A test will "PASS" if URLSession:task:didCompleteWithError: returns a nil error.
Use '--verbose' to view the ATS dictionaries used and to display the error received in URLSession:task:didCompleteWithError:.
================================================================================
Default ATS Secure Connection
---
ATS Default Connection
Result : PASS
---
================================================================================
Allowing Arbitrary Loads
---
Allow All Loads
Result : PASS
---
================================================================================
Configuring TLS exceptions for www.blackduck.com
---
TLSv1.2
Result : PASS
---
---
TLSv1.1
Result : PASS
---
---
TLSv1.0
Result : PASS
---
================================================================================
Configuring PFS exceptions for www.blackduck.com
---
Disabling Perfect Forward Secrecy
Result : PASS
---
================================================================================
Configuring PFS exceptions and allowing insecure HTTP for www.blackduck.com
---
Disabling Perfect Forward Secrecy and Allowing Insecure HTTP
Result : PASS
---
================================================================================
Configuring TLS exceptions with PFS disabled for www.blackduck.com
---
TLSv1.2 with PFS disabled
Result : PASS
---
---
TLSv1.1 with PFS disabled
Result : PASS
---
---
TLSv1.0 with PFS disabled
Result : PASS
---
================================================================================
Configuring TLS exceptions with PFS disabled and insecure HTTP allowed for www.blackduck.com
---
TLSv1.2 with PFS disabled and insecure HTTP allowed
Result : PASS
---
---
TLSv1.1 with PFS disabled and insecure HTTP allowed
Result : PASS
---
---
TLSv1.0 with PFS disabled and insecure HTTP allowed
Result : PASS
---
================================================================================
In this instance, the key output is as follows:
Default ATS Secure Connection
---
ATS Default Connection
Result : PASS
---
This output shows that the server supports the default ATS connection. Thus, ATS will work out-of-the-box for this host. Your application will now be able to communicate to this host securely (without disabling ATS). If the output says FAIL, something is misconfigured and the issue requires further diagnosis.
Alternatively, developers can set the CFNETWORK_DIAGNOSTICS environment variable to 1 within the Xcode project. This captures networking-based debug logging which too can help diagnose ATS connection issues.
There are numerous exception types available within ATS, most of which have legitimate use cases. Here are some examples:
Many applications communicate with third-party domains in addition to the domains under the same ownership as the application itself. In this scenario, you can disable ATS for a specific domain, declaring also that it is a third-party domain. Here’s how to achieve this:
<key>NSAppTransportSecurity</key>
<dict>
<key>NSExceptionDomains</key>
<dict>
<key>www.blackduck.com</key>
<dict>
<key> NSThirdPartyExceptionAllowsInsecureHTTPLoads</key>
<true/>
</dict>
</dict>
</dict>
In this scenario, NSThirdPartyExceptionAllowsInsecureHTTPLoads is set to true. This allows HTTP connections for the www.blackduck.com host.
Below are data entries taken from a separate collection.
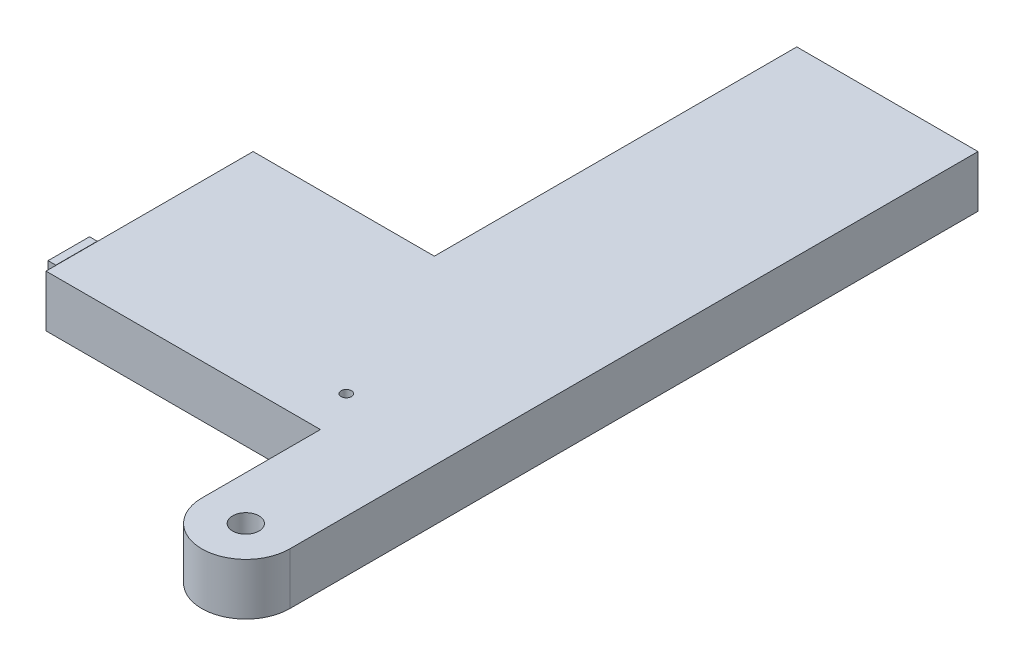
SolidWorks part; units mm, degrees
ref_plane "Front Plane" through (0, 0, 0) normal (0, 0, 1) x (1, 0, 0)
ref_plane "Top Plane" through (0, 0, 0) normal (0, 1, 0) x (1, 0, 0)
ref_plane "Right Plane" through (0, 0, 0) normal (1, 0, 0) x (0, 0, -1)
sketch "CornerrSketch1" plane through (0, 0, 0) normal (0, 1, 0) x (1, 0, 0)
  line L0 (0, 0) -> (0, 80)
  line L5 (0, 80) -> (70, 80)
  line L6 (70, 80) -> (70, 220)
  line L7 (140, 220) -> (70, 220)
  line L8 (106, -45.825) -> (106, 0)
  line L9 (0, 0) -> (106, 0)
  line L10 (140, 220) -> (140, -45.825)
  arc A0 (106, -45.825) -> (140, -45.825) centre (123, -45.825) ccw
  dimension "D5" = 34
  dimension "D4" = 80
  dimension "D3" = 70
  dimension "D1" = 220
  dimension "D2" = 45.825
  dimension "D6" = 140
extrude "CornerBoss-Extrude1" add sketch "CornerrSketch1" along normal blind 20
shell "Shell1" thickness 3
sketch "PadSketch1" plane through (0, 17, 0) normal (0, -1, 0) x (1, 0, 0)
  line L1 (0, 0) -> (106, 0) construction
  line L2 (140, 45.825) -> (140, -220) construction
  circle A0 centre (99, -17) radius 5
  circle A1 centre (123, 45.825) radius 12
  dimension "D1" = 10
  dimension "D4" = 24
  dimension "D3" = 17
  dimension "D2" = 41
extrude "PadBoss-Extrude1" add sketch "PadSketch1" along normal blind 10
sketch "StepperShaftCut-Sketch3" plane through (0, 7, 0) normal (0, -1, 0) x (1, 0, 0)
  circle A0 centre (123, 45.825) radius 5.1
  circle A1 centre (99, -17) radius 2
  dimension "D1" = 10.2
  dimension "D2" = 4
extrude "StepperShaftCut-Extrude1" cut sketch "StepperShaftCut-Sketch3" against normal through all
sketch "ThreadedNutMountHolesSketch5" plane through (0, 7, 0) normal (0, -1, 0) x (1, 0, 0)
  circle A0 centre (123, 53.825) radius 2
  circle A1 centre (131, 45.825) radius 2
  circle A2 centre (115, 45.825) radius 2
  circle A3 centre (123, 37.825) radius 2
  dimension "D3" = 4
  dimension "D1" = 8
  dimension "D2" = 16
  dimension "D4" = 8
  dimension "D5" = 16
extrude "ThreadedNutMountHolesCut-Extrude2" cut sketch "ThreadedNutMountHolesSketch5" against normal blind 10
sketch "TopPegHoleSketch4" plane through (0, 0, -220) normal (0, 0, -1) x (-1, 0, 0)
  line L1 (-130, 14) -> (-120, 14)
  line L2 (-130, 14) -> (-130, 0)
  line L3 (-130, 0) -> (-120, 0)
  line L4 (-120, 14) -> (-120, 0)
  line L5 (-140, 0) -> (-70, 0) construction
  line L6 (-140, 20) -> (-140, 0) construction
  dimension "D2" = 10
  dimension "D3" = 14
  dimension "D1" = 10
extrude "TopPegHoleCut-Extrude2" cut sketch "TopPegHoleSketch4" against normal blind 3
sketch "BLPegSketch5" plane through (0, 0, 0) normal (-1, 0, 0) x (0, 0, 1)
  line L1 (-19.9, 13.9) -> (-10.1, 13.9)
  line L2 (-19.9, 13.9) -> (-19.9, 0)
  line L3 (-19.9, 0) -> (-10.1, 0)
  line L4 (-10.1, 13.9) -> (-10.1, 0)
  line L5 (-80, 0) -> (0, 0) construction
  line L6 (0, 20) -> (0, 0) construction
  dimension "D2" = 13.9
  dimension "D3" = 9.8
  dimension "D1" = 10.1
extrude "BLPegBoss-Extrude3" add sketch "BLPegSketch5" along normal blind 3.1
sketch "BLPegCapSketch6" plane through (-3.1, 0, 0) normal (-1, 0, 0) x (0, 0, 1)
  line L0 (-19.9, 13.9) -> (-19.9, 0) construction
  line L1 (-22.9, 17) -> (-6.9, 17)
  line L2 (-22.9, 17) -> (-22.9, 0)
  line L3 (-22.9, 0) -> (-6.9, 0)
  line L4 (-6.9, 17) -> (-6.9, 0)
  line L8 (-19.9, 0) -> (-10.1, 0) construction
  dimension "D1" = 16
  dimension "D3" = 17
  dimension "D2" = 3
extrude "BLPegCapBoss-Extrude4" add sketch "BLPegCapSketch6" along normal blind 3
sketch "BedCenterPegHoleCutSketch1" plane through (70, 0, 0) normal (-1, 0, 0) x (0, 0, 1)
  line L0 (-220, 0) -> (-80, 0) construction
  line L1 (-190, 14) -> (-180, 14)
  line L2 (-190, 14) -> (-190, 0)
  line L3 (-190, 0) -> (-180, 0)
  line L4 (-180, 14) -> (-180, 0)
  line L5 (-80, 20) -> (-80, 0) construction
  dimension "D2" = 10
  dimension "D1" = 14
  dimension "D3" = 100
extrude "BedCenterPegHoleCut-Extrude1" cut sketch "BedCenterPegHoleCutSketch1" against normal blind 3
equation "\"BedThickness\"= 20mm"
equation "\"BedToBuildPlateStandoffHolesDistanceFromLeftOrRight\"= \"BuildPlateStandoffHolesDistanceFromLeftOrRight\" + \"BedIncreasedByWidth\" / 2'Equals 17"
equation "\"BedLLongSide\"= \"BedThirdSize\" * 3'Equals 210"
equation "\"BedLShortSide\"= \"BedThirdSize\" * 2'Equals 140"
equation "\"BedLWidth\"= \"BedThirdSize\"'Equals 70"
equation "\"D4@CornerrSketch1\"=\"BedLWidth\" + \"BedIncreasedByWidth\"/2"
equation "\"BedIncreasedByWidth\"= 20mm"
equation "\"BedIncreasedByLength\"= 0mm"
equation "\"BedThirdSize\"= 70mm"
equation "\"StandardWallThickness\"= 3mm"
equation "\"D2@TopPegHoleSketch4\"=\"BedPegHoleWidth\""
equation "\"D3@TopPegHoleSketch4\"=\"BedPegHoleHeight\""
equation "\"D1@TopPegHoleCut-Extrude2\" = \"StandardWallThickness\""
equation "\"D3@BLPegSketch5\"=\"BedPegWidth\""
equation "\"D1@BLPegBoss-Extrude3\"=\"BedPegBoss\""
equation "\"D2@BLPegSketch5\"=\"BedPegHeight\""
equation "\"D2@BLPegCapSketch6\"=\"StandardWallThickness\""
equation "\"D3@BLPegCapSketch6\"=\"BedPegCapHeight\""
equation "\"D1@BLPegCapBoss-Extrude4\" = \"StandardWallThickness\""
equation "\"D3@CornerrSketch1\"=\"BedLWidth\" "
equation "\"D1@PadSketch1\" = \"BedToBuildPlateStandoffPadSize\""
equation "\"D1@PadBoss-Extrude1\"=\"LeadScrewNutPadDepth\""
equation "\"BedToBuildPlateStandoffPadSize\"= 10mm"
equation "\"BedToBuildPlateStandoffHolesDistanceFromBack\"= \"BuildPlateStandoffHolesDistanceFromBack\" + \"BedIncreasedByLength\" / 2'Equals 41"
equation "\"BuildPlateStandoffHolesDistanceFromLeftOrRight\"= 7mm"
equation "\"BuildPlateStandoffHolesDistanceFromBack\"= 41mm"
equation "\"DistanceFromBedSideToStepperHole\"= ( \"DistanceBetweenLeftToRightStepperHoles\" - \"BedWidth\" ) / 2'Equals 45.825"
equation "\"DistanceBetweenLeftToRightStepperHoles\"= \"FrontBackRailLength\" - \"StepperMountingHoleOffsetFromLeftOrRightSide\" * 2 - \"StepperMountingHoleDistance\"'Equals 461.65"
equation "\"FrontBackRailLength\"= 510mm"
equation "\"StepperMountingHoleOffsetFromLeftOrRightSide\"= \"StepperMountingHoleOffsetFromItsSide\" + \"RailThickness\""
equation "\"StepperMountingHoleDistance\"= 31mm'Spec"
equation "\"StepperMountingHoleOffsetFromItsSide\"= 5.5mm'Spec"
equation "\"RailThickness\"= .125in'Spec"
equation "\"BedWidth\"= \"BedInnerSquareWidth\" + \"BedLWidth\" * 2 + \"BedIncreasedByWidth\"'Equals 370"
equation "\"BedInnerSquareWidth\"= \"BedThirdSize\" * 3'Equals 210"
equation "\"D1@CornerrSketch1\"=\"BedLLongSide\"  + \"BedIncreasedByWidth\"/2"
equation "\"D2@CornerrSketch1\"=\"DistanceFromBedSideToStepperHole\""
equation "\"D3@PadSketch1\"=\"BedToBuildPlateStandoffHolesDistanceFromLeftOrRight\""
equation "\"D2@PadSketch1\"=\"BedToBuildPlateStandoffHolesDistanceFromBack\""
equation "\"D1@TopPegHoleSketch4\"=\"BedTopPegOffsetFromSide\""
equation "\"D1@BLPegSketch5\"=\"BedTopPegOffsetFromSide\" + .1mm"
equation "\"D6@CornerrSketch1\"=\"BedLShortSide\" + \"BedIncreasedByLength\"/2"
equation "\"LeadScrewNutPadSize\"= \"LeadScrewNutMountingHoleFlangeDiameter\" + 2mm'Equals 24"
equation "\"D4@PadSketch1\"=\"LeadScrewNutPadSize\""
equation "\"D1@StepperShaftCut-Sketch3\"=\"LeadScrewNutInnerShaftFlangeDiameter\""
equation "\"D2@StepperShaftCut-Sketch3\"=\"M3HeatInsertHoleDiameter\""
equation "\"LeadScrewNutInnerShaftFlangeDiameter\"= 10.2mm'Spec"
equation "\"LeadScrewNutMountHoleDiameter\" = \"M3HeatInsertHoleDiameter\"'Spec is 4.1 but smaller for tapping"
equation "\"LeadScrewNutMountingHoleFlangeDiameter\"= 22mm'Spec"
equation "\"LeadScrewNutMountingHoleDistance\"= 16mm'Spec"
equation "\"D1@ThreadedNutMountHolesSketch5\"=\"LeadScrewNutMountingHoleDistance\"/2"
equation "\"D2@ThreadedNutMountHolesSketch5\"=\"LeadScrewNutMountingHoleDistance\""
equation "\"D4@ThreadedNutMountHolesSketch5\"=\"LeadScrewNutMountingHoleDistance\"/2"
equation "\"D5@ThreadedNutMountHolesSketch5\"=\"LeadScrewNutMountingHoleDistance\""
equation "\"D3@ThreadedNutMountHolesSketch5\"=\"LeadScrewNutMountHoleDiameter\""
equation "\"LeadScrewNutPadDepth\"= \"BedThickness\" / 2'Equals 10"
equation "\"D1@ThreadedNutMountHolesCut-Extrude2\"= \"LeadScrewNutPadDepth\""
equation "\"BedPegHoleWidth\"= 10mm"
equation "\"BedPegHoleHeight\"= \"BedThickness\" - \"StandardWallThickness\" * 2'Equals 14"
equation "\"BedPegWidth\"= \"BedPegHoleWidth\" - .1mm * 2'For easier assembly"
equation "\"BedPegHeight\"= \"BedPegHoleHeight\" - .1mm'For easier assembly"
equation "\"BedTopPegOffsetFromSide\"= 10mm"
equation "\"BedPegBoss\"= \"StandardWallThickness\" + .1mm'For easier assembly"
equation "\"BedPegCapHeight\"= \"BedThickness\" - \"StandardWallThickness\"'Equals 17"
equation "\"BedPegCapWidth\"= \"BedThickness\" / 2 + \"StandardWallThickness\" * 2'Equals 16"
equation "\"D1@BLPegCapSketch6\"=\"BedPegCapWidth\""
equation "\"D1@BedCenterPegHoleCutSketch1\" = \"BedPegHoleHeight\""
equation "\"D3@BedCenterPegHoleCutSketch1\" = \"BedInnerSquareWidth\" / 2 - \"BedPegHoleWidth\" / 2"
equation "\"D2@BedCenterPegHoleCutSketch1\" = \"BedPegHoleWidth\""
equation "\"D1@BedCenterPegHoleCut-Extrude1\"=\"StandardWallThickness\""
equation "\"M3HeatInsertHoleDiameter\"= 4mm'Spec"

It is also advisable to speak to your third-party vendors and ask them to upgrade their infrastructure to support ATS where possible. Of course, exceptions (such as those seen above) will require justification during App Store review. It’s important to bare this in mind.
ATS enforcement is looming. As such, start planning support for ATS now in order to meet the deadline. Don’t panic if you’re finding that you can’t enable ATS globally. There are justifiable exceptions that Apple will consider. However, make an attempt to plan your release dates accordingly to compensate for any push-back from Apple.
When possible, also strive to comply with ATS configuration rather than relying on exceptions. This avoids unnecessary delays when going live, and most importantly provides greater security to the app and its users.